*WORK ITEM*. Among the entries below, only the lines starting at the one with "import ezdxf" and ending at the one with "msp = doc.modelspace()", both included, are to be printed exactly.

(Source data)
========================

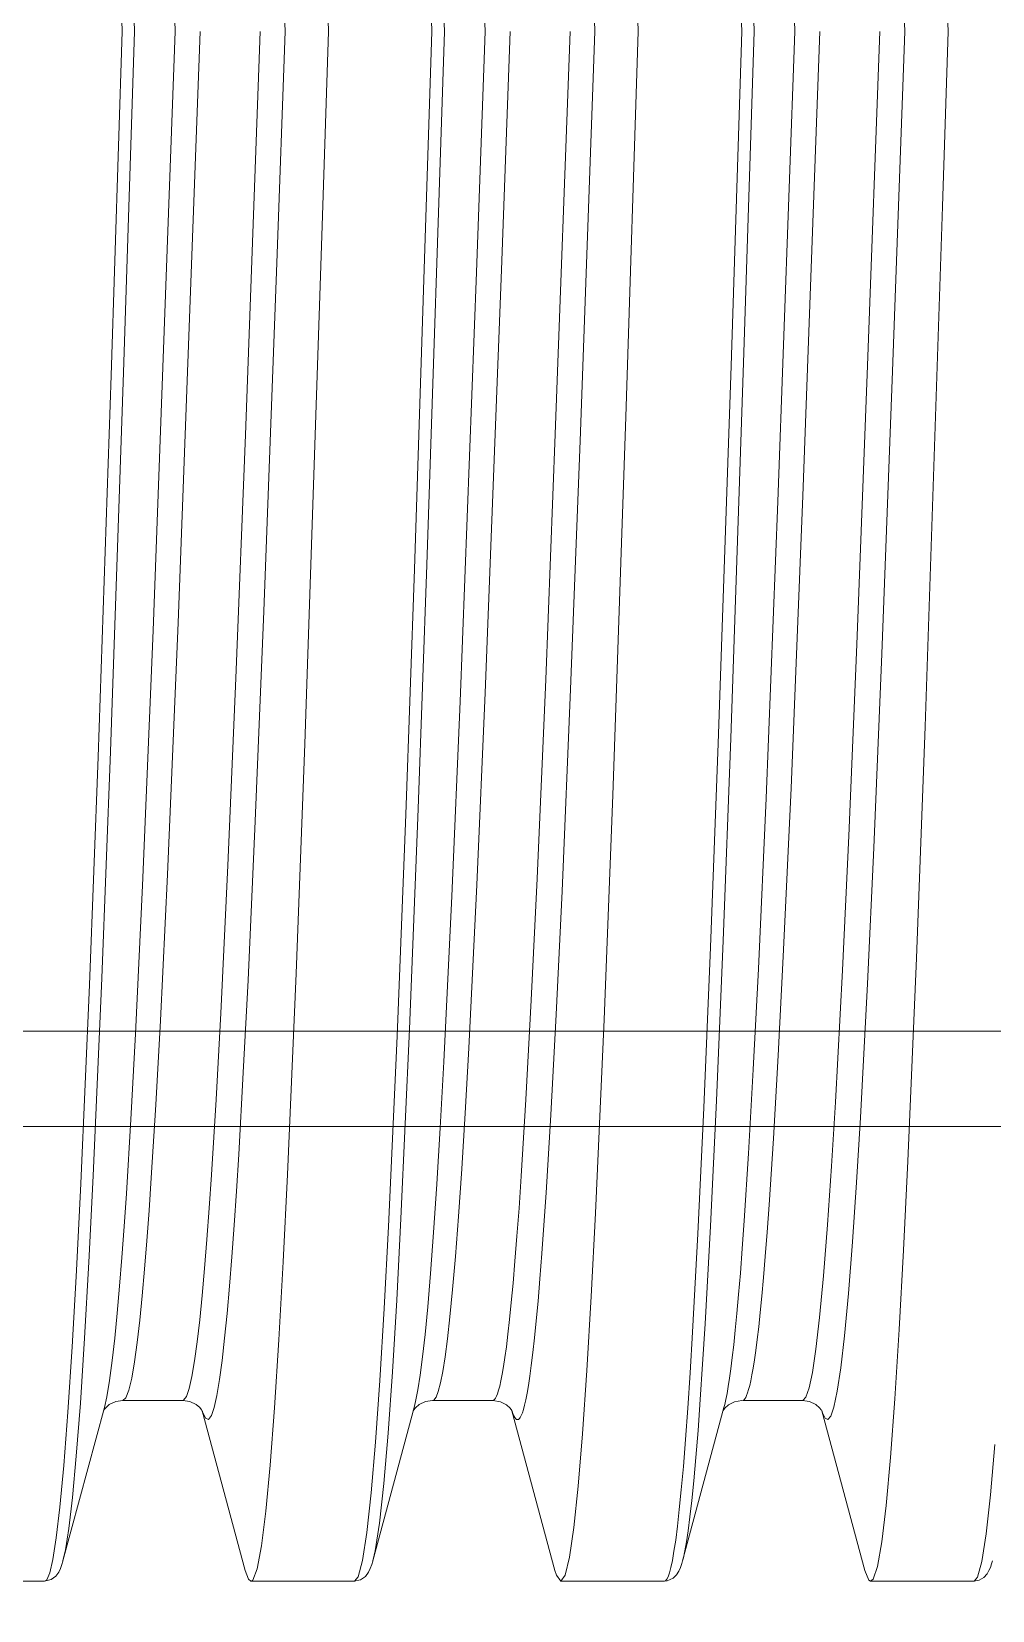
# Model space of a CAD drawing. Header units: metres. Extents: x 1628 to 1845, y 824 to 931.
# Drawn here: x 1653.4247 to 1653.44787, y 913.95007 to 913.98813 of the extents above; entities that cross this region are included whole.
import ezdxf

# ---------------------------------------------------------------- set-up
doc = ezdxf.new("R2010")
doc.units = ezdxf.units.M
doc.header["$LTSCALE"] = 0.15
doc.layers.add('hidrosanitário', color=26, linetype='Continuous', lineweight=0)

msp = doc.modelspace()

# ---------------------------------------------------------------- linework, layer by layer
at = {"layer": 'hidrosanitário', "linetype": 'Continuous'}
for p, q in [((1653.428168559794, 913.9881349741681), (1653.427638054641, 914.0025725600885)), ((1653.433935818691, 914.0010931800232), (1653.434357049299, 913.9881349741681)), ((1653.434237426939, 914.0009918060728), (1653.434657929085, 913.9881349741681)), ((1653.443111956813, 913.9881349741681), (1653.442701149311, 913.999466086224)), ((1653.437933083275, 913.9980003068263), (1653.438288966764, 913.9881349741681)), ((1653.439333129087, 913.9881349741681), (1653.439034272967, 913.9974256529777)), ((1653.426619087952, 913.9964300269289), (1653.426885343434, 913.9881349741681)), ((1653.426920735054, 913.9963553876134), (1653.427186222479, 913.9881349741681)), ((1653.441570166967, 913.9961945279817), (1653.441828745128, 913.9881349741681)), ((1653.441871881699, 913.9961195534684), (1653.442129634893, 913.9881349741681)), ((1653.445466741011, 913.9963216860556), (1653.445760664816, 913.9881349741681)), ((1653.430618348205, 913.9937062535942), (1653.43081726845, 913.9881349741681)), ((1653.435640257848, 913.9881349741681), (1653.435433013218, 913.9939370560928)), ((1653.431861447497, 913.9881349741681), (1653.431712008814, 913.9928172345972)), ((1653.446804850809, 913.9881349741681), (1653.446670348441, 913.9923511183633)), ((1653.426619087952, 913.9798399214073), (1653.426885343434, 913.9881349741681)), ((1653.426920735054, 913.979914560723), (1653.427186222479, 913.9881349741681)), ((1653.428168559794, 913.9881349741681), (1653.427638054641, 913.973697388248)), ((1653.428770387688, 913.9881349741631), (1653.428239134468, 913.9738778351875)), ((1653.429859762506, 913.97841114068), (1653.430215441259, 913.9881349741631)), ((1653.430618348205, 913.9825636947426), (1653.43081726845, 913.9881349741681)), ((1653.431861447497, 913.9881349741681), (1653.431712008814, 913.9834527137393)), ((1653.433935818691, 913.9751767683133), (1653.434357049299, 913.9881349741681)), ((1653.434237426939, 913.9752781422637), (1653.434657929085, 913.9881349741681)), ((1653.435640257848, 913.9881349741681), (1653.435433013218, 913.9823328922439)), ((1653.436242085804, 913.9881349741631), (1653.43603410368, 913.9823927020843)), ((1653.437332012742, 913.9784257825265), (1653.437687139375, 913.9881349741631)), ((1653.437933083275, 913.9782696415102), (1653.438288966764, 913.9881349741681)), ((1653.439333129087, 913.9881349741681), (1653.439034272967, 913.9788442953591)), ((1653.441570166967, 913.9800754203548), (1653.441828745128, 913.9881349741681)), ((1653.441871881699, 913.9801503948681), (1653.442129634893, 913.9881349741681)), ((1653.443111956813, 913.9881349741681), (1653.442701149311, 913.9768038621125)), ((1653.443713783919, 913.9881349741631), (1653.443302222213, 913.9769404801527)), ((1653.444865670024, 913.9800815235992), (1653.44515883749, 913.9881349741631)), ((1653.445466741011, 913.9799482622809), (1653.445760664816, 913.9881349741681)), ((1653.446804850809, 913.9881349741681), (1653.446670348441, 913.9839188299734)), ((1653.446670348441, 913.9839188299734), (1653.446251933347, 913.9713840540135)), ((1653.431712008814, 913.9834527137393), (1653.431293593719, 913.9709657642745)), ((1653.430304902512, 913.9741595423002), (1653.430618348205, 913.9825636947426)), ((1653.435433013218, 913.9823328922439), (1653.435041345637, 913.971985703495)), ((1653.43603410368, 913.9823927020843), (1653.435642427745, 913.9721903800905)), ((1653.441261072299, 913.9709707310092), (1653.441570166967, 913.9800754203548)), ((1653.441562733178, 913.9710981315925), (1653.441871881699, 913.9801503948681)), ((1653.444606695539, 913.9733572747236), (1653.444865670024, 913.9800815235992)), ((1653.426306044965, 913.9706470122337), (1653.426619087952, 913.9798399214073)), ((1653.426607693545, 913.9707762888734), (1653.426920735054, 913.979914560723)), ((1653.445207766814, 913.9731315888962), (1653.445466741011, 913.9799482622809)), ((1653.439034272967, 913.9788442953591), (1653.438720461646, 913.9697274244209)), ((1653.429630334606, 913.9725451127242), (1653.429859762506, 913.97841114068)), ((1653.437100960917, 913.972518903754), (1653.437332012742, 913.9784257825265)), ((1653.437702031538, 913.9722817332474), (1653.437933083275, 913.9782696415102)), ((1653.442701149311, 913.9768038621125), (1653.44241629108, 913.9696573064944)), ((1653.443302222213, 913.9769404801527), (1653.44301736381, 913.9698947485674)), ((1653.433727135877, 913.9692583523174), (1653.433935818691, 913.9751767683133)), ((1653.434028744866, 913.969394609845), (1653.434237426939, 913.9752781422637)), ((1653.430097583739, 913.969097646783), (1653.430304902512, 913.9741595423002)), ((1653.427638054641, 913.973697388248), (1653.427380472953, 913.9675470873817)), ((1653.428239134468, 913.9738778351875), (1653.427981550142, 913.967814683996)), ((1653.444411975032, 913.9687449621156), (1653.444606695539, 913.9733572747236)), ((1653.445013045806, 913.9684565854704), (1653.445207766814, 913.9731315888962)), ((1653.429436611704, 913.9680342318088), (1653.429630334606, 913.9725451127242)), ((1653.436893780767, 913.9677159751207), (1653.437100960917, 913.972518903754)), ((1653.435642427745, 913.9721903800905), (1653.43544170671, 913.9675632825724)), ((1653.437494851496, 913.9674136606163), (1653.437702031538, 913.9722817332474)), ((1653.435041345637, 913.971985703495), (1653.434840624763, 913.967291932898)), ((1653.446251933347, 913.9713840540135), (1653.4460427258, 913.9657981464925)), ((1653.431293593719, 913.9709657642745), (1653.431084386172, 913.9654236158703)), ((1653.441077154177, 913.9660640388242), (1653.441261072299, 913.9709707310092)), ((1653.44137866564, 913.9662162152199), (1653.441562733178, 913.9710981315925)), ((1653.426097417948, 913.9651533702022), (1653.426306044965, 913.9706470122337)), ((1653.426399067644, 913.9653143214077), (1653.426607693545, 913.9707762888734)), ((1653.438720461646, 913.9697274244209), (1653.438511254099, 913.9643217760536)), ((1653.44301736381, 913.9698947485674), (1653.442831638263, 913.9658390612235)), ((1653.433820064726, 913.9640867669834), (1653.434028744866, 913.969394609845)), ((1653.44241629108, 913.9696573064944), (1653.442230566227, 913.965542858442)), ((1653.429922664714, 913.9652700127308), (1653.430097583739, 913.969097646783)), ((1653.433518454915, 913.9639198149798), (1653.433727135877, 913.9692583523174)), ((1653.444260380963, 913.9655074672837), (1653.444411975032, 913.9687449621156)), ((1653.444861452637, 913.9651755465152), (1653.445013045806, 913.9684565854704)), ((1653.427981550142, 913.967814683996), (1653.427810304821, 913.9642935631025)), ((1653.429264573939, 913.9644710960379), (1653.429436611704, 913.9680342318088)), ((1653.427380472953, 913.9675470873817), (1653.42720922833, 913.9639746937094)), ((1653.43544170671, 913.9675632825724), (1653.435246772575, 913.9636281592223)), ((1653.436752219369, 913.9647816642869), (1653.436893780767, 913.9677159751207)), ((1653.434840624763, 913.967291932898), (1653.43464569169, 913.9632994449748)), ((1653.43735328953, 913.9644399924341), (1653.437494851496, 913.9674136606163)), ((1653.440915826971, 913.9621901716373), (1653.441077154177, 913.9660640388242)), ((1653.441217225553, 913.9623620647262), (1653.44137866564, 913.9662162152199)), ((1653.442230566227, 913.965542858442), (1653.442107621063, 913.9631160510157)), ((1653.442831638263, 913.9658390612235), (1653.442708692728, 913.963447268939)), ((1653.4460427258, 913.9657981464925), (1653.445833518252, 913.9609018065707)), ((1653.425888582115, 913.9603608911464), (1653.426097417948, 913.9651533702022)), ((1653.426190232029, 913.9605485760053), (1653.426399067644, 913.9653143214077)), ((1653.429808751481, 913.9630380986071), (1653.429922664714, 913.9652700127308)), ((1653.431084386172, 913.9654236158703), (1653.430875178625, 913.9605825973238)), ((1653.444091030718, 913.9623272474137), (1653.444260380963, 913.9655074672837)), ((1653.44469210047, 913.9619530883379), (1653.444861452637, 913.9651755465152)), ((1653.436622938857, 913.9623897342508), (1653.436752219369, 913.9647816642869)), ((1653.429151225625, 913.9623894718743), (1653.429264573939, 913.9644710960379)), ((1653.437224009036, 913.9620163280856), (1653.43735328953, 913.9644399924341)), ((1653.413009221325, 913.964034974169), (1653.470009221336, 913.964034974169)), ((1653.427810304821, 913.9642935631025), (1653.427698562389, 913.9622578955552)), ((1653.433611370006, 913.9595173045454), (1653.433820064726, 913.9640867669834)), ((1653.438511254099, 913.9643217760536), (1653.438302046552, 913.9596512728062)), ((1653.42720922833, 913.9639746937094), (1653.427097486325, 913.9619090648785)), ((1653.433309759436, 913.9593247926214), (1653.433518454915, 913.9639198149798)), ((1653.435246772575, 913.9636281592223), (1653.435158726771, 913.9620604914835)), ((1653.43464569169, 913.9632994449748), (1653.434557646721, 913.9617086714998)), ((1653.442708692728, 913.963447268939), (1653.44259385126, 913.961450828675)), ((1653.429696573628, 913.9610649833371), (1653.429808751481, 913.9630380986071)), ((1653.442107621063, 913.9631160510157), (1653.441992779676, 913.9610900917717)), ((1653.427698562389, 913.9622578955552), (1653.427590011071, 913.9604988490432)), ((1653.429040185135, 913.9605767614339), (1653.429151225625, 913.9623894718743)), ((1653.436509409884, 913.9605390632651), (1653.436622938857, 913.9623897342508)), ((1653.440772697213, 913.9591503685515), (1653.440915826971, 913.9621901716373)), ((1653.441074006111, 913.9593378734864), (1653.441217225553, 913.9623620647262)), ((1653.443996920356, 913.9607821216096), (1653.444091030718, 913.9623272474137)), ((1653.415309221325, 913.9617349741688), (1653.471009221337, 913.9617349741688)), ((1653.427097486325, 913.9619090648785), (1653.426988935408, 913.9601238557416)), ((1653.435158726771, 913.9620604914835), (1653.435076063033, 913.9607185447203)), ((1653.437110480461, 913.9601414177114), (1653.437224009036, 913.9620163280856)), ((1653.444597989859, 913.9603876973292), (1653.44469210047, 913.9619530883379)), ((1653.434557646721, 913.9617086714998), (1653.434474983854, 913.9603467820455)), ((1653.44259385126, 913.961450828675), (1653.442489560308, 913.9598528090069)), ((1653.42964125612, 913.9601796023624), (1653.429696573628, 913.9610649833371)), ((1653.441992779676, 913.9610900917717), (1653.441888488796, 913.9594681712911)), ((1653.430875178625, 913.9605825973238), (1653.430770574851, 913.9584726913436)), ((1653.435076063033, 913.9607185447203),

========================

*ANSWER SECTION*.
import ezdxf

# ---------------------------------------------------------------- set-up
doc = ezdxf.new("R2010")
doc.units = ezdxf.units.M
doc.header["$LTSCALE"] = 0.15
doc.layers.add('hidrosanitário', color=26, linetype='Continuous', lineweight=0)

msp = doc.modelspace()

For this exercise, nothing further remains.